The total dividends per share were EUR 0.33 for the year ended December 31, 2004, subject to
shareholders’ approval, compared with EUR 0.30 and EUR 0.28 for the years ended December 31,
2003 and 2002, respectively. See ‘‘Item 3.A Selected Financial Data—Distribution of Earnings.’’
Nokia has no potentially significant refinancing requirements in 2005. Nokia expects to incur
additional indebtedness from time to time as required to finance working capital needs. At
December 31, 2004, Nokia had a USD 500 million US Commercial Paper, or USCP, program and a
USD 500 million Euro Commercial Paper, or ECP, program. In addition, at the same date, Nokia had
a Finnish local commercial paper program totaling EUR 750 million. At December 31, 2004, we also
had a committed credit facility of USD 2 000 million and a number of short-term uncommitted
facilities. For further information regarding our short-term borrowings, including the average
interest rate, see Note 26 to our consolidated financial statements included in Item 18 of this
Form 20-F.
Nokia has historically maintained a high level of liquid assets. Management estimates that the cash
and other liquid assets level of EUR 11 542 million at the end of 2004, together with Nokia’s
available credit facilities, cash flow from operations, funds available from long-term and
short-term debt financings, as well as the proceeds of future equity or convertible bond offerings,
will be sufficient to satisfy our future working capital needs, capital expenditure, research and
development and debt service requirements at least through 2005. The ratings of our short and
long-term debt from credit rating agencies have not changed during the year. The ratings at
December 31, 2004, were:
Short-term Standard & Poor’s A-1
Moody’s P-1
Long-term Standard & Poor’s A
Moody’s A1
We believe that Nokia will continue to be able to access the capital markets on terms and in
amounts that will be satisfactory to us, and that we will be able to obtain bid and performance
bonds, to arrange or provide customer financing as necessary to support our business and to
engage in hedging transactions on commercially acceptable terms.

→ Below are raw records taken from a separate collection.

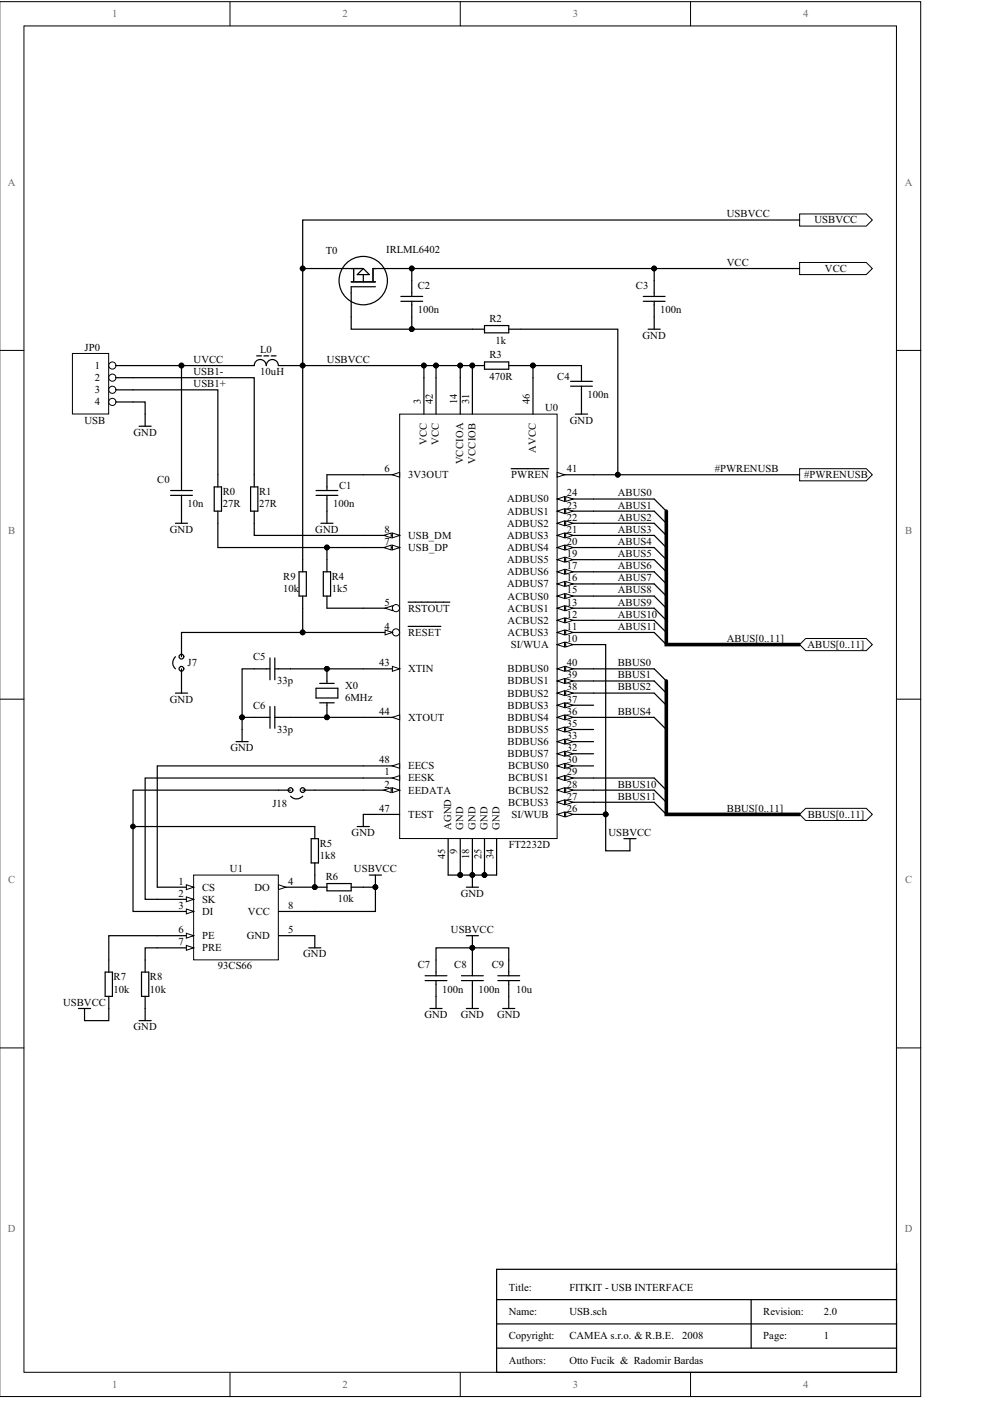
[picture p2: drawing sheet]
<svg xmlns="http://www.w3.org/2000/svg" width="210mm" height="297mm" viewBox="0 0 210 297" stroke-linecap="round" stroke-linejoin="round" font-family="sans-serif">
<path d="M0 .4h195.2v295.7h-195.2z" fill="none" stroke="#000" stroke-width=".21"/>
<path d="M5.1 5.5h185v285.5h-185z" fill="#fff"/>
<g fill="none" stroke="#000" stroke-width=".21">
<path d="M5.1 5.5h185v285.5h-185zM48.8 .4v5.1M97.6 .4v5.1M146.4 .4v5.1M0 74.3h5.1M190.1 74.3h5.1M0 148.2h5.1M190.1 148.2h5.1M0 222.2h5.1M190.1 222.2h5.1M48.8 291v5.1M97.6 291v5.1"/>
<path d="M146.4 291v5.1"/>
<circle cx="64.2" cy="56.9" r=".5"/>
<circle cx="87.3" cy="56.9" r=".5"/>
<circle cx="138.7" cy="56.9" r=".5"/>
<circle cx="38.5" cy="77.5" r=".5"/>
<circle cx="64.2" cy="77.5" r=".5"/>
<circle cx="87.3" cy="69.8" r=".5"/>
<circle cx="89.9" cy="77.5" r=".5"/>
<circle cx="92.4" cy="77.5" r=".5"/>
<circle cx="97.6" cy="77.5" r=".5"/>
<circle cx="100.1" cy="77.5" r=".5"/>
<circle cx="113" cy="77.5" r=".5"/>
<circle cx="69.3" cy="116.1" r=".5"/>
<circle cx="131" cy="100.6" r=".5"/>
<circle cx="64.2" cy="134.1" r=".5"/>
<circle cx="51.3" cy="152.1" r=".5"/>
<circle cx="69.3" cy="141.8" r=".5"/>
<circle cx="69.3" cy="152.1" r=".5"/>
<circle cx="128.4" cy="172.7" r=".5"/>
<circle cx="66.7" cy="188.1" r=".5"/>
<circle cx="79.6" cy="188.1" r=".5"/>
<circle cx="97.6" cy="185.5" r=".5"/>
<circle cx="100.1" cy="185.5" r=".5"/>
<circle cx="102.7" cy="185.5" r=".5"/>
<circle cx="100.1" cy="200.9" r=".5"/>
</g>
<g fill="#000">
<circle cx="64.2" cy="56.9" r=".5"/>
<circle cx="87.3" cy="56.9" r=".5"/>
<circle cx="138.7" cy="56.9" r=".5"/>
<circle cx="38.5" cy="77.5" r=".5"/>
<circle cx="64.2" cy="77.5" r=".5"/>
<circle cx="87.3" cy="69.8" r=".5"/>
<circle cx="89.9" cy="77.5" r=".5"/>
<circle cx="92.4" cy="77.5" r=".5"/>
<circle cx="97.6" cy="77.5" r=".5"/>
<circle cx="100.1" cy="77.5" r=".5"/>
<circle cx="113" cy="77.5" r=".5"/>
<circle cx="69.3" cy="116.1" r=".5"/>
<circle cx="131" cy="100.6" r=".5"/>
<circle cx="64.2" cy="134.1" r=".5"/>
<circle cx="51.3" cy="152.1" r=".5"/>
<circle cx="69.3" cy="141.8" r=".5"/>
<circle cx="69.3" cy="152.1" r=".5"/>
<circle cx="128.4" cy="172.7" r=".5"/>
<circle cx="66.7" cy="188.1" r=".5"/>
<circle cx="79.6" cy="188.1" r=".5"/>
<circle cx="97.6" cy="185.5" r=".5"/>
<circle cx="100.1" cy="185.5" r=".5"/>
<circle cx="102.7" cy="185.5" r=".5"/>
<circle cx="100.1" cy="200.9" r=".5"/>
</g>
<path d="M84.7 87.8h33.4v90h-33.4z" fill="#fff"/>
<path d="M84.7 87.8h33.4v90h-33.4z" fill="none" stroke="#000" stroke-width=".21"/>
<path d="M89.9 80.1v7.7M92.4 80.1v7.7M97.6 80.1v7.7M100.2 80.1v7.7M113 80.1v7.7M77 100.7h7.7" fill="none" stroke="#000" stroke-width=".26"/>
<path d="M83.2 100.7l1.5-.6v1.1z" fill="#fff"/>
<path d="M83.2 100.7l1.5-.6v1.1z" fill="none" stroke="#000" stroke-width=".21"/>
<path d="M77 113.5h7.7" fill="none" stroke="#000" stroke-width=".26"/>
<path d="M83.2 113l1.5 .5-1.5 .5z" fill="#fff"/>
<path d="M83.2 113l1.5 .5-1.5 .5z" fill="none" stroke="#000" stroke-width=".21"/>
<path d="M81.4 113.5l1.5-.5v1z" fill="#fff"/>
<path d="M81.4 113.5l1.5-.5v1z" fill="none" stroke="#000" stroke-width=".21"/>
<path d="M77 116.1h7.7" fill="none" stroke="#000" stroke-width=".26"/>
<path d="M83.2 115.6l1.5 .5-1.5 .5z" fill="#fff"/>
<path d="M83.2 115.6l1.5 .5-1.5 .5z" fill="none" stroke="#000" stroke-width=".21"/>
<path d="M81.4 116.1l1.5-.5v1z" fill="#fff"/>
<path d="M81.4 116.1l1.5-.5v1z" fill="none" stroke="#000" stroke-width=".21"/>
<path d="M77 128.9h7.7" fill="none" stroke="#000" stroke-width=".26"/>
<circle cx="84" cy="128.9" r=".76" fill="#fff"/>
<circle cx="84" cy="128.9" r=".76" fill="none" stroke="#000" stroke-width=".21"/>
<path d="M81.7 128.9l1.5-.5v1.1z" fill="#fff"/>
<path d="M81.7 128.9l1.5-.5v1.1z" fill="none" stroke="#000" stroke-width=".21"/>
<path d="M77 134.1h7.7M86.5 127.7h8.9" fill="none" stroke="#000" stroke-width=".26"/>
<circle cx="84" cy="134.1" r=".76" fill="#fff"/>
<circle cx="84" cy="134.1" r=".76" fill="none" stroke="#000" stroke-width=".21"/>
<path d="M81.7 133.6l1.5 .5-1.5 .5z" fill="#fff"/>
<path d="M81.7 133.6l1.5 .5-1.5 .5z" fill="none" stroke="#000" stroke-width=".21"/>
<path d="M118.1 100.7h7.8M86.5 132.8h7M77 172.7h7.7" fill="none" stroke="#000" stroke-width=".26"/>
<path d="M118.1 100.1l1.6 .6-1.6 .5z" fill="#fff"/>
<path d="M118.1 100.1l1.6 .6-1.6 .5z" fill="none" stroke="#000" stroke-width=".21"/>
<path d="M108.4 99.4h7.9M118.1 105.8h7.8" fill="none" stroke="#000" stroke-width=".26"/>
<path d="M118.1 105.8l1.6-.5v1z" fill="#fff"/>
<path d="M118.1 105.8l1.6-.5v1z" fill="none" stroke="#000" stroke-width=".21"/>
<path d="M119.9 105.3l1.6 .5-1.6 .5z" fill="#fff"/>
<path d="M119.9 105.3l1.6 .5-1.6 .5z" fill="none" stroke="#000" stroke-width=".21"/>
<path d="M118.1 108.4h7.8" fill="none" stroke="#000" stroke-width=".26"/>
<path d="M118.1 108.4l1.6-.5v1z" fill="#fff"/>
<path d="M118.1 108.4l1.6-.5v1z" fill="none" stroke="#000" stroke-width=".21"/>
<path d="M119.9 107.9l1.6 .5-1.6 .5z" fill="#fff"/>
<path d="M119.9 107.9l1.6 .5-1.6 .5z" fill="none" stroke="#000" stroke-width=".21"/>
<path d="M118.1 110.9h7.8" fill="none" stroke="#000" stroke-width=".26"/>
<path d="M118.1 110.9l1.6-.5v1.1z" fill="#fff"/>
<path d="M118.1 110.9l1.6-.5v1.1z" fill="none" stroke="#000" stroke-width=".21"/>
<path d="M119.9 110.4l1.6 .5-1.6 .6z" fill="#fff"/>
<path d="M119.9 110.4l1.6 .5-1.6 .6z" fill="none" stroke="#000" stroke-width=".21"/>
<path d="M118.1 113.5h7.8" fill="none" stroke="#000" stroke-width=".26"/>
<path d="M118.1 113.5l1.6-.5v1z" fill="#fff"/>
<path d="M118.1 113.5l1.6-.5v1z" fill="none" stroke="#000" stroke-width=".21"/>
<path d="M119.9 113l1.6 .5-1.6 .5z" fill="#fff"/>
<path d="M119.9 113l1.6 .5-1.6 .5z" fill="none" stroke="#000" stroke-width=".21"/>
<path d="M118.1 116.1h7.8" fill="none" stroke="#000" stroke-width=".26"/>
<path d="M118.1 116.1l1.6-.5v1z" fill="#fff"/>
<path d="M118.1 116.1l1.6-.5v1z" fill="none" stroke="#000" stroke-width=".21"/>
<path d="M119.9 115.6l1.6 .5-1.6 .5z" fill="#fff"/>
<path d="M119.9 115.6l1.6 .5-1.6 .5z" fill="none" stroke="#000" stroke-width=".21"/>
<path d="M118.1 118.7h7.8" fill="none" stroke="#000" stroke-width=".26"/>
<path d="M118.1 118.7l1.6-.6v1.1z" fill="#fff"/>
<path d="M118.1 118.7l1.6-.6v1.1z" fill="none" stroke="#000" stroke-width=".21"/>
<path d="M119.9 118.1l1.6 .6-1.6 .5z" fill="#fff"/>
<path d="M119.9 118.1l1.6 .6-1.6 .5z" fill="none" stroke="#000" stroke-width=".21"/>
<path d="M118.1 121.2h7.8" fill="none" stroke="#000" stroke-width=".26"/>
<path d="M118.1 121.2l1.6-.5v1z" fill="#fff"/>
<path d="M118.1 121.2l1.6-.5v1z" fill="none" stroke="#000" stroke-width=".21"/>
<path d="M119.9 120.7l1.6 .5-1.6 .5z" fill="#fff"/>
<path d="M119.9 120.7l1.6 .5-1.6 .5z" fill="none" stroke="#000" stroke-width=".21"/>
<path d="M118.1 123.8h7.8" fill="none" stroke="#000" stroke-width=".26"/>
<path d="M118.1 123.8l1.6-.5v1z" fill="#fff"/>
<path d="M118.1 123.8l1.6-.5v1z" fill="none" stroke="#000" stroke-width=".21"/>
<path d="M119.9 123.3l1.6 .5-1.6 .5z" fill="#fff"/>
<path d="M119.9 123.3l1.6 .5-1.6 .5z" fill="none" stroke="#000" stroke-width=".21"/>
<path d="M118.1 126.4h7.8" fill="none" stroke="#000" stroke-width=".26"/>
<path d="M118.1 126.4l1.6-.5v1z" fill="#fff"/>
<path d="M118.1 126.4l1.6-.5v1z" fill="none" stroke="#000" stroke-width=".21"/>
<path d="M119.9 125.9l1.6 .5-1.6 .5z" fill="#fff"/>
<path d="M119.9 125.9l1.6 .5-1.6 .5z" fill="none" stroke="#000" stroke-width=".21"/>
<path d="M118.1 128.9h7.8" fill="none" stroke="#000" stroke-width=".26"/>
<path d="M118.1 128.9l1.6-.5v1.1z" fill="#fff"/>
<path d="M118.1 128.9l1.6-.5v1.1z" fill="none" stroke="#000" stroke-width=".21"/>
<path d="M119.9 128.4l1.6 .5-1.6 .6z" fill="#fff"/>
<path d="M119.9 128.4l1.6 .5-1.6 .6z" fill="none" stroke="#000" stroke-width=".21"/>
<path d="M118.1 131.5h7.8" fill="none" stroke="#000" stroke-width=".26"/>
<path d="M118.1 131.5l1.6-.5v1z" fill="#fff"/>
<path d="M118.1 131.5l1.6-.5v1z" fill="none" stroke="#000" stroke-width=".21"/>
<path d="M119.9 131l1.6 .5-1.6 .5z" fill="#fff"/>
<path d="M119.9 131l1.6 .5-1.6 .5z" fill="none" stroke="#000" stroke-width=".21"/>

Nokia is not a capital intensive company in terms of fixed assets, but rather invests in research
and development, building the Nokia brand and marketing. In 2004, capital expenditures totaled
EUR 548 million compared with EUR 432 million in each of 2003 and 2002. The increase in 2004
resulted from increased amount of capital expenditures in machinery and equipment. Principal
capital expenditures during the three years included production lines, test equipment and
computer hardware used primarily in research and development as well as office and
manufacturing facilities. We expect the amount of our capital expenditures during 2005 to be
somewhat higher than 2004 and to be funded from our cash flow from operations.